ויבא שמואל אל-שאול ויאמר לו שאול ברוך אתה ליקוק הקימתי את-דבר יקוק: ויאמר שמואל ומה קול-הצאן הזה באזני וקול הבקר אשר אנכי שמע וגו’ הלוא אם-קטן אתה בעיניך ראש שבטי ישראל אתה וגו’‏
Shmuel came to Shaul, and Shaul said to him: “You are blessed to Hashem! I have fulfilled the word of Hashem”. Shmuel said: “Then what is this sound of the sheep that is in my ears? And the sound of the cattle which I hear? … You may be small in your eyes, but you are the head of the tribes of Israel!…[2]

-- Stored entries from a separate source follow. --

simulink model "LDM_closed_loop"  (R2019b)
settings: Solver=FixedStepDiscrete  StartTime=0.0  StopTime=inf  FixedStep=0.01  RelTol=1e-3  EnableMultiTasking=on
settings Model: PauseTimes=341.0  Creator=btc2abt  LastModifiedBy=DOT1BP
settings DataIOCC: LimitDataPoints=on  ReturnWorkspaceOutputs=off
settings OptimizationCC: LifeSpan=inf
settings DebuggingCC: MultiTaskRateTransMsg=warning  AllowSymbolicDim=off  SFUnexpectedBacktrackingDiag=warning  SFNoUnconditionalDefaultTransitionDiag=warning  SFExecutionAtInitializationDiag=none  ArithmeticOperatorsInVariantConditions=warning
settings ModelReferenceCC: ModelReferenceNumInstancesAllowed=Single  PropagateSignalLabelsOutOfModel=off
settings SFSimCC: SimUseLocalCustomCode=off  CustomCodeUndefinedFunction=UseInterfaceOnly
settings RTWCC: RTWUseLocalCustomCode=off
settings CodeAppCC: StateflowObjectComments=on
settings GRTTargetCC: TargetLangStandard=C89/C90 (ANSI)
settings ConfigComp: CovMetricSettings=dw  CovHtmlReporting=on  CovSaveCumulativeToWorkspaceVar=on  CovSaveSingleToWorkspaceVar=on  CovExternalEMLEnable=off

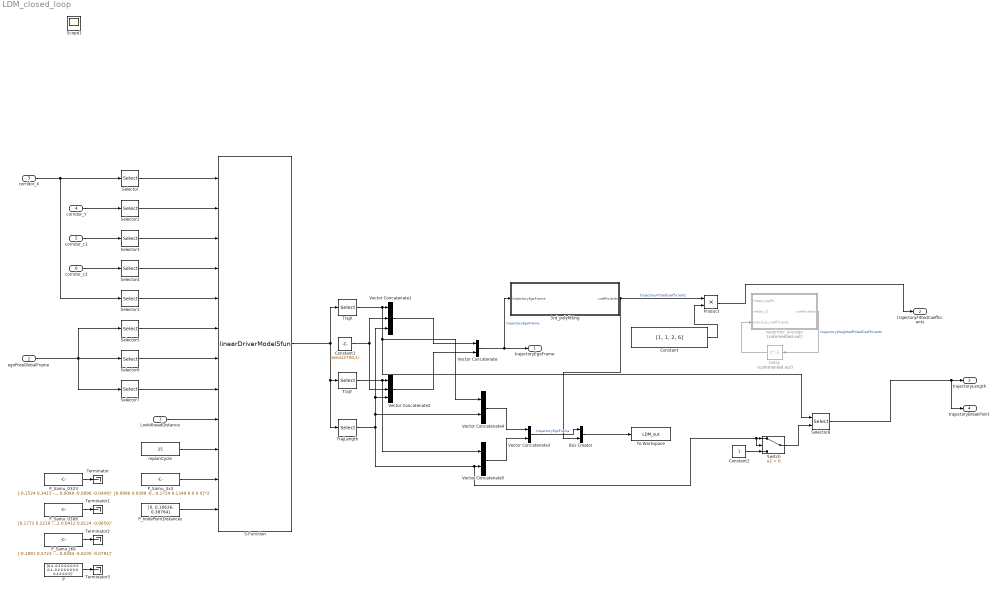
== system LDM_closed_loop ==
  LookAheadDistance : Inport
  egoPoseGlobalFrame : Inport  Port=2
  corridor_X : Inport  Port=3
  corridor_Y : Inport  Port=4
  corridor_c1 : Inport  Port=5
  corridor_c2 : Inport  Port=6
  3rd_polyfitting : MATLAB Function  TreatAsAtomicUnit=on
  Bus Creator : BusCreator  Inputs=2
  Constant : Constant  Value=[1, 1, 2, 6]
  Constant1 : Constant  Value=zeros(2700,1)
  Constant2 : Constant
  Delay : Delay  Commented=on  DelayLength=1
  P : Constant  Value=[0.4 -0.2 0 0 0 0 0 0 0.4 -0.2 0 0 0 0 0 0 0.4 0 0 0 0]'
  P_Samu_0308 : Constant  Value=[0.1773 0.2219 -0.2682 -0.0332 0.0887 0.0013 0.0761 -0.3368 0.7714 -0.3123 0.0194 -0.0027 0.0293 0.0384 0.2913 -0.4504 0.2953 -0.0362 0.0412 0.0124 -0.0650]'
  P_Samu_0323 : Constant  Value=[-0.1524 0.3415 -0.1253 -0.0464 0.0239 -0.0055 0.0215 0.1143 0.0686 -0.1218 -0.0161 0.0354 0.0297 -0.0039 0.3901 -0.5318 0.2184 0.0146 0.0089 -0.0096 -0.0449]'
  P_Samu_3x3 : Constant  Value=[0.0996 0.0399 -0.0811 0 0 0 0 -0.0754 0.2313 -0.0940 0 0 0 0 0.1228 -0.1724 0.1349 0 0 0 0]'*2
  P_Samu_JKK : Constant  Value=[-0.1891 0.5723 -0.2526 -0.0105 0.0167 -0.0250 0.0681 -0.4980 0.9711 -0.3461 0.0010 -0.0047 0.0333 0.0391 0.6295 -0.8867 0.3919 0.0183 0.0494 -0.0235 -0.0791]'
  P_nodePointDistances : Constant  Value=[0, 0.10636, 0.38764]
  Product : Product
  S-Function : S-Function  FunctionName=linearDriverModelSfun  SFunctionDeploymentMode=off  EnableBusSupport=off
  Selector{,2..4} (4 alike) : Selector  InputPortWidth=301  IndexOptions=Index vector (dialog)  Indices=linspace(1,300,300)  OutputSizes=1
  Selector1 : Selector  InputPortWidth=301  IndexOptions=Index vector (dialog)  Indices=301  OutputSizes=1
  Selector5 : Selector  InputPortWidth=3  IndexOptions=Index vector (dialog)  Indices=1  OutputSizes=1
  Selector6 : Selector  InputPortWidth=3  IndexOptions=Index vector (dialog)  Indices=2  OutputSizes=1
  Selector7 : Selector  InputPortWidth=3  IndexOptions=Index vector (dialog)  Indices=3  OutputSizes=1
  Selector8 : Selector  InputPortWidth=300  IndexOptions=Index vector (port)  Indices=[1 3]  OutputSizes=1
  Switch : Switch  Criteria=u2 > Threshold
  Terminator{,1..3} (4 alike) : Terminator
  To Workspace : ToWorkspace  VariableName=LDM_out  SaveFormat=Timeseries  SampleTime=-1
  TrajLength : Selector  InputPortWidth=601  IndexOptions=Index vector (dialog)  Indices=601  OutputSizes=1
  TrajX : Selector  InputPortWidth=601  IndexOptions=Index vector (dialog)  Indices=linspace(1,300,300)  OutputSizes=1
  TrajY : Selector  InputPortWidth=601  IndexOptions=Index vector (dialog)  Indices=linspace(301,600,300)  OutputSizes=1
  Vector Concatenate : Concatenate  Mode=Multidimensional array  ConcatenateDimension=2
  Vector Concatenate1 : Concatenate  NumInputs=3
  Vector Concatenate2 : Concatenate  NumInputs=3
  Vector Concatenate3 : Concatenate  Mode=Multidimensional array  ConcatenateDimension=2
  Vector Concatenate4 : Concatenate
  Vector Concatenate5 : Concatenate
  replanCycle : Constant  Value=25
  weighted_average : MATLAB Function  Commented=on  TreatAsAtomicUnit=on
  trajectoryEgoFrame : Outport
  trajectoryFittedCoefficients : Outport  Port=2
  trajectoryLength : Outport  Port=3
  trajectoryBreakPoint : Outport  Port=4
  Scope1 : Scope
  wires:
  P_Samu_3x3/1 -> S-Function/11
  P_nodePointDistances/1 -> S-Function/12
  replanCycle/1 -> S-Function/10
  S-Function/1 -> TrajY/1, TrajLength/1, TrajX/1
  Selector/1 -> S-Function/1
  Selector2/1 -> S-Function/2
  Selector3/1 -> S-Function/3
  Selector4/1 -> S-Function/4
  corridor_X/1 -> Selector/1, Selector1/1
  Selector1/1 -> S-Function/5
  corridor_c2/1 -> Selector4/1
  corridor_c1/1 -> Selector3/1
  corridor_Y/1 -> Selector2/1
  LookAheadDistance/1 -> S-Function/9
  egoPoseGlobalFrame/1 -> Selector7/1, Selector6/1, Selector5/1
  Selector5/1 -> S-Function/6
  Selector6/1 -> S-Function/7
  Selector7/1 -> S-Function/8
  Vector Concatenate/1 -> 3rd_polyfitting/1(trajectoryEgoFrame), trajectoryEgoFrame/1  "trajectoryEgoFrame"
  Constant1/1 -> Vector Concatenate2/2, Vector Concatenate1/2
  TrajX/1 -> Vector Concatenate4/1, Selector8/1, Vector Concatenate1/1
  TrajLength/1 -> Vector Concatenate2/3, Vector Concatenate1/3, Vector Concatenate4/2, Switch/2, Switch/1, Vector Concatenate5/2
  TrajY/1 -> Vector Concatenate5/1, Vector Concatenate2/1
  Vector Concatenate2/1 -> Vector Concatenate/2
  Vector Concatenate1/1 -> Vector Concatenate/1
  P_Samu_0323/1 -> Terminator/1
  P_Samu_0308/1 -> Terminator1/1
  P_Samu_JKK/1 -> Terminator2/1
  Vector Concatenate3/1 -> Bus Creator/1  "trajectoryEgoFrame"
  Vector Concatenate4/1 -> Vector Concatenate3/1
  Vector Concatenate5/1 -> Vector Concatenate3/2
  Bus Creator/1 -> To Workspace/1
  3rd_polyfitting/1(coefficients) -> Product/1, Bus Creator/2  "trajectoryFittedCoefficients"
  Constant/1 -> Product/2
  weighted_average/1(coefficients) -> Delay/1  "trajectoryWeightedFittedCoefficients"
  Product/1 -> trajectoryFittedCoefficients/1
  Delay/1 -> weighted_average/3(previous_coefficients)
  Switch/1 -> Selector8/2
  Constant2/1 -> Switch/3
  Selector8/1 -> trajectoryBreakPoint/1, trajectoryLength/1
  P/1 -> Terminator3/1

== matlab function LDM_closed_loop/weighted_average ==
  data: fitted_coeffs input; coefficients output; reflat_c2 input; previous_coefficients input
function coefficients  = fcn(fitted_coeffs, reflat_c2, previous_coefficients)

coefficients = fitted_coeffs;
c = 0.03;

currentC3 = abs(coefficients(4));
x_LUT = [0 1e-7 5e-6 1e-5 3e-5 6e-5 1e-4];
weights = [1 1 0.7 0.4 0.2 0.1 0];

weight = interp1(x_LUT, weights, currentC3);

coefficients(3) = (coefficients(3) * weight) + (reflat_c2 * (1 - weight));
coefficients(3) = previous_coefficients(3)*(1-c)+coefficients(3)*c;

end

== matlab function LDM_closed_loop/3rd_polyfitting ==
  data: trajectoryEgoFrame input; coefficients output
function coefficients  = fitPoly3rdOrder(trajectoryEgoFrame)

n = trajectoryEgoFrame(3001,1);

%reduced_traj = reducepoly(trajectoryEgoFrame(1:n,:), 0.0005);
if n > 0
    p = polyfit(trajectoryEgoFrame(1:n,1), trajectoryEgoFrame(1:n,2), 3);
    coefficients = [p(4) p(3) p(2) p(1)];
else
    coefficients = [0 0 0 0];
end

end

The haftarah for parshas Zachor details the failure of King Shaul to eradicate the wicked nation of Amalek. Shmuel the prophet ordered Shaul to leave no person or animal alive, as Hashem told Moshe[3] that we are to blot out the memory of Amalek. Shaul however left alive the king of Amalek known as Agag, the ancestor to Haman[4]. He also left alive their sheep and cows, intending to bring them as offerings for Hashem. Shmuel harshly reprimanded Shaul for his failure, and Shaul lost the kingship as a result of his sin.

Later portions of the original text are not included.